Dalai Lama Comments on Succession
The Dalai Lama has said yet again that he may be the last person to hold the title, adding that he’d rather there be no Dalai Lama than for someone “stupid” to take his place.
“The Dalai Lama institution will cease one day. These man-made institutions will cease,” the 79-year-old Tibetan spiritual leader told the BBC in a recent interview. “There is no guarantee that some stupid Dalai Lama won’t come next, who will disgrace himself or herself. That would be very sad. So, much better that a centuries-old tradition should cease at the time of a quite popular Dalai Lama.”
According to Tibetan Buddhist tradition, the Dalai Lama is a reincarnation of Avalokiteśvara, the bodhisattva of compassion. It is believed that when a Dalai Lama dies, a successor is born. The title goes back, without interruption, for more than 620 years.
But the current Dalai Lama — the 14th in this unbroken line — told the BBC that it’ll be “up to the Tibetan people” to decide whether or not to continue with this institution.
This is hardly the first time that the Dalai Lama has suggested that he may be the last to hold the title. In a September interview with German newspaper Die Welt, he echoed the sentiment that it could be better to “finish with a popular Dalai Lama.”
He’s also been saying for decades that it’s up to the Tibetan people to decide whether or not the Dalai Lama’s reincarnations should continue in the future.
Previously, the Dalai Lama warned that the question of his reincarnation could become a politicized matter. A statement on his website says that “vested political interests” could misuse “the reincarnation system to fulfill their own political agenda.”
China, which has governed Tibet since 1951, previously declared that it will name the next Dalai Lama — a prospect that the Tibetan spiritual leader repudiates. No one has the right to choose a successor for “political ends,” he’s been quoted as saying.

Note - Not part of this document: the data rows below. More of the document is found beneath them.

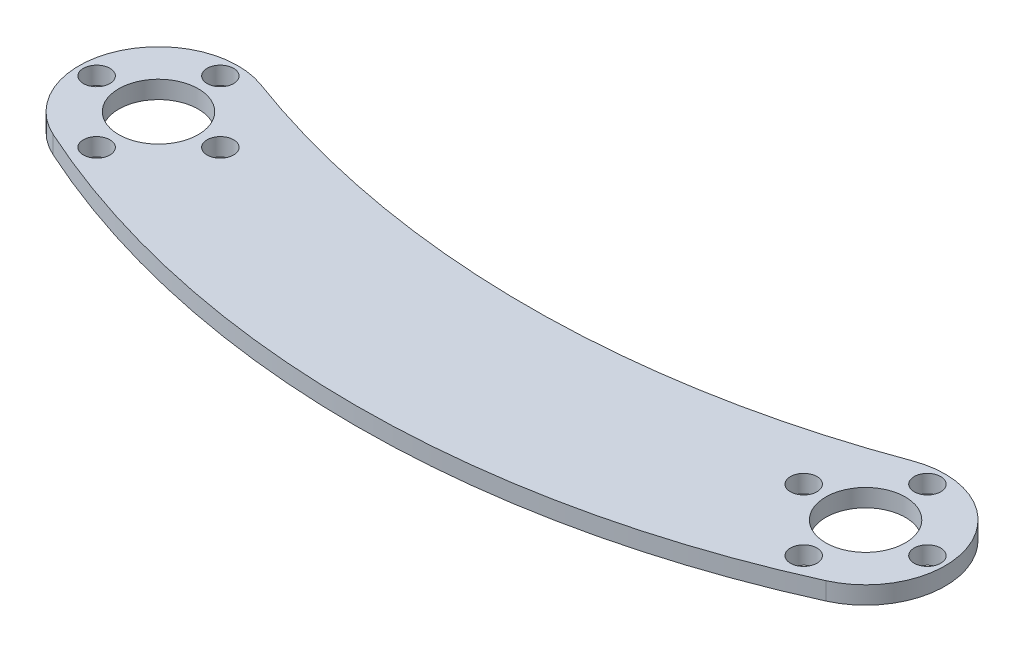
from build123d import *

# Parameters (mm, degrees)
EXTRUDE_1_DEPTH     = 2
SKETCH_2_R          = 4.5
SKETCH_2_R_2        = 1.5
CUT_EXTRUDE_1_DEPTH = 91.751684032


with BuildPart() as part:
    # 草图1 → 凸台-拉伸1 (new body)
    with BuildSketch(Plane(origin=(0, 0, 0), x_dir=(1, 0, 0), z_dir=(0, 1, 0))):
        with BuildLine():
            ThreePointArc((3.130434783, 8.438031647), (40, 1.819293264), (76.869565217, 8.438031647))
            ThreePointArc((76.869565217, 8.438031647), (88.32365676, 3.422972121), (83.711340206, -8.199143484))
            ThreePointArc((83.711340206, -8.199143484), (40, -17.63145356), (-3.711340206, -8.199143484))
            ThreePointArc((-3.711340206, -8.199143484), (-8.32365676, 3.422972121), (3.130434783, 8.438031647))
        make_face()
    extrude(amount=EXTRUDE_1_DEPTH)

    # 草图2 → 切除-拉伸1 (cut, through all)
    with BuildSketch(Plane(origin=(0, 2, 0), x_dir=(1, 0, 0), z_dir=(0, 1, 0))):
        with Locations(Location((0, 0, 0), (0, 0, 270))):
            Circle(SKETCH_2_R)
        with Locations(Location((80, 0, 0), (0, 0, 270))):
            Circle(SKETCH_2_R)
        with Locations(Location((7, 0, 0), (0, 0, 270))):
            Circle(SKETCH_2_R_2)
        with Locations(Location((0, -7, 0), (0, 0, 270))):
            Circle(SKETCH_2_R_2)
        with Locations(Location((-7, 0, 0), (0, 0, 270))):
            Circle(SKETCH_2_R_2)
        with Locations(Location((0, 7, 0), (0, 0, 270))):
            Circle(SKETCH_2_R_2)
        with Locations(Location((73, 0, 0), (0, 0, 270))):
            Circle(SKETCH_2_R_2)
        with Locations(Location((80, 7, 0), (0, 0, 270))):
            Circle(SKETCH_2_R_2)
        with Locations(Location((87, 0, 0), (0, 0, 270))):
            Circle(SKETCH_2_R_2)
        with Locations(Location((80, -7, 0), (0, 0, 270))):
            Circle(SKETCH_2_R_2)
    extrude(amount=-CUT_EXTRUDE_1_DEPTH, mode=Mode.SUBTRACT)


solid = part.part
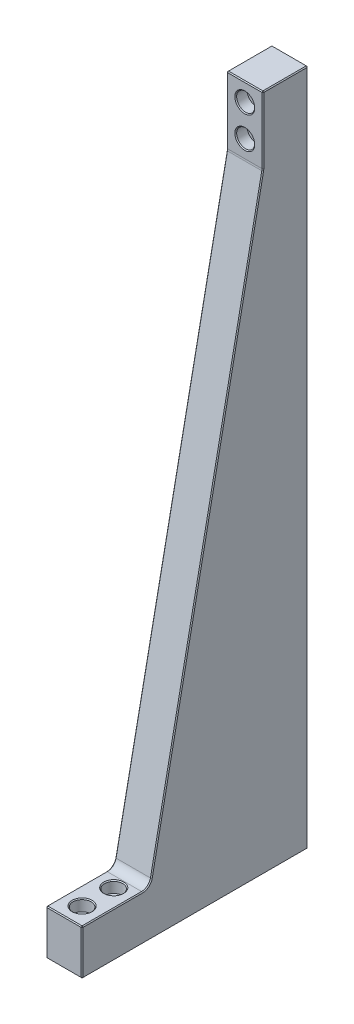
from build123d import *

# Parameters (mm, degrees)
BOSS_EXTRUDE1_DEPTH                                  = 20
CBORE_FOR_M12_HEX_SOCKET_HEAD_CAP_SCREW1_D           = 13.5
CBORE_FOR_M12_HEX_SOCKET_HEAD_CAP_SCREW1_CBORE_D     = 20
CBORE_FOR_M12_HEX_SOCKET_HEAD_CAP_SCREW1_CBORE_DEPTH = 12.6
CBORE_FOR_M12_HEX_SOCKET_HEAD_CAP_SCREW2_D           = 13.5
CBORE_FOR_M12_HEX_SOCKET_HEAD_CAP_SCREW2_CBORE_D     = 20
CBORE_FOR_M12_HEX_SOCKET_HEAD_CAP_SCREW2_CBORE_DEPTH = 12.6
FILLET1_R                                            = 10
CHAMFER1_SIZE                                        = 1
CHAMFER2_SIZE                                        = 1


with BuildPart() as part:
    # Sketch1 → Boss-Extrude1 (new, symmetric)
    with BuildSketch(Plane(origin=(0, 0, 0), x_dir=(0, 0, -1), z_dir=(1, 0, 0))):
        Polygon((0, 0), (250, 0), (250, 750), (200, 750), (200, 675), (75, 50), (0, 50), align=None)
    extrude(amount=BOSS_EXTRUDE1_DEPTH, both=True)

    # CBORE for M12 Hex Socket Head Cap Screw1 (through all)
    with Locations(Plane(origin=(0, 50, 0), x_dir=(1, 0, 0), z_dir=(0, 1, 0))):
        with Locations((0, 55), (0, 20)):
            CounterBoreHole(CBORE_FOR_M12_HEX_SOCKET_HEAD_CAP_SCREW1_D / 2, CBORE_FOR_M12_HEX_SOCKET_HEAD_CAP_SCREW1_CBORE_D / 2, CBORE_FOR_M12_HEX_SOCKET_HEAD_CAP_SCREW1_CBORE_DEPTH)

    # CBORE for M12 Hex Socket Head Cap Screw2 (through all)
    with Locations(Plane.XY.offset(-200)):
        with Locations((0, 730), (0, 695)):
            CounterBoreHole(CBORE_FOR_M12_HEX_SOCKET_HEAD_CAP_SCREW2_D / 2, CBORE_FOR_M12_HEX_SOCKET_HEAD_CAP_SCREW2_CBORE_D / 2, CBORE_FOR_M12_HEX_SOCKET_HEAD_CAP_SCREW2_CBORE_DEPTH)

    # Fillet1
    fillet1_edges = [part.edges().sort_by_distance(p)[0] for p in [
        (0, 50, -75),
        (0, 675, -200),
    ]]
    fillet(fillet1_edges, radius=FILLET1_R)

    # Chamfer1
    chamfer1_edges = [part.edges().sort_by_distance(p)[0] for p in [
        (-20, 25, 0),
        (0, 50, 0),
        (20, 375, -250),
        (0, 750, -200),
        (0, 750, -250),
        (0, 0, -250),
        (0, 0, 0),
        (20, 750, -225),
        (20, 712.995097568, -200),
        (6.75, 0, -20),
        (6.75, 0, -55),
        (6.75, 695, -250),
        (6.75, 730, -250),
        (20, 25, 0),
        (-20, 50, -33.400980486),
        (20, 50, -33.400980486),
        (-20, 366.033936217, -138.206787243),
        (20, 366.033936217, -138.206787243),
        (-20, 52.266578587, -73.141850029),
        (20, 52.266578587, -73.141850029),
        (-20, 675.004818956, -199.951333267),
        (20, 675.004818956, -199.951333267),
        (-20, 712.995097568, -200),
        (-20, 750, -225),
        (20, 0, -125),
        (-20, 375, -250),
        (-20, 0, -125),
    ]]
    chamfer(chamfer1_edges, length=CHAMFER1_SIZE)

    # Chamfer2
    chamfer2_edges = [part.edges().sort_by_distance(p)[0] for p in [
        (-10, 50, -20),
        (-10, 50, -55),
        (-10, 695, -200),
        (-10, 730, -200),
    ]]
    chamfer(chamfer2_edges, length=CHAMFER2_SIZE)


solid = part.part

Robert Barnett, a Columbia University professor and Tibet scholar, told Al-Jazeera earlier this year that the Dalai Lama’s statements about being the last Dalai Lama may actually be a bargaining tactic. “It’s a way of signaling to the Chinese, ‘This is a bargaining chip — negotiate with me before I die,’” Barnett said.
China has long been suspicious of the Dalai Lama, accusing him of being a separatist and a “wolf in monk’s clothing.” The Dalai Lama, however, has said that he supports a “middle way” approach with China and hopes for autonomy — not independence — for Tibet.
The Dalai Lama has lived in exile since 1959.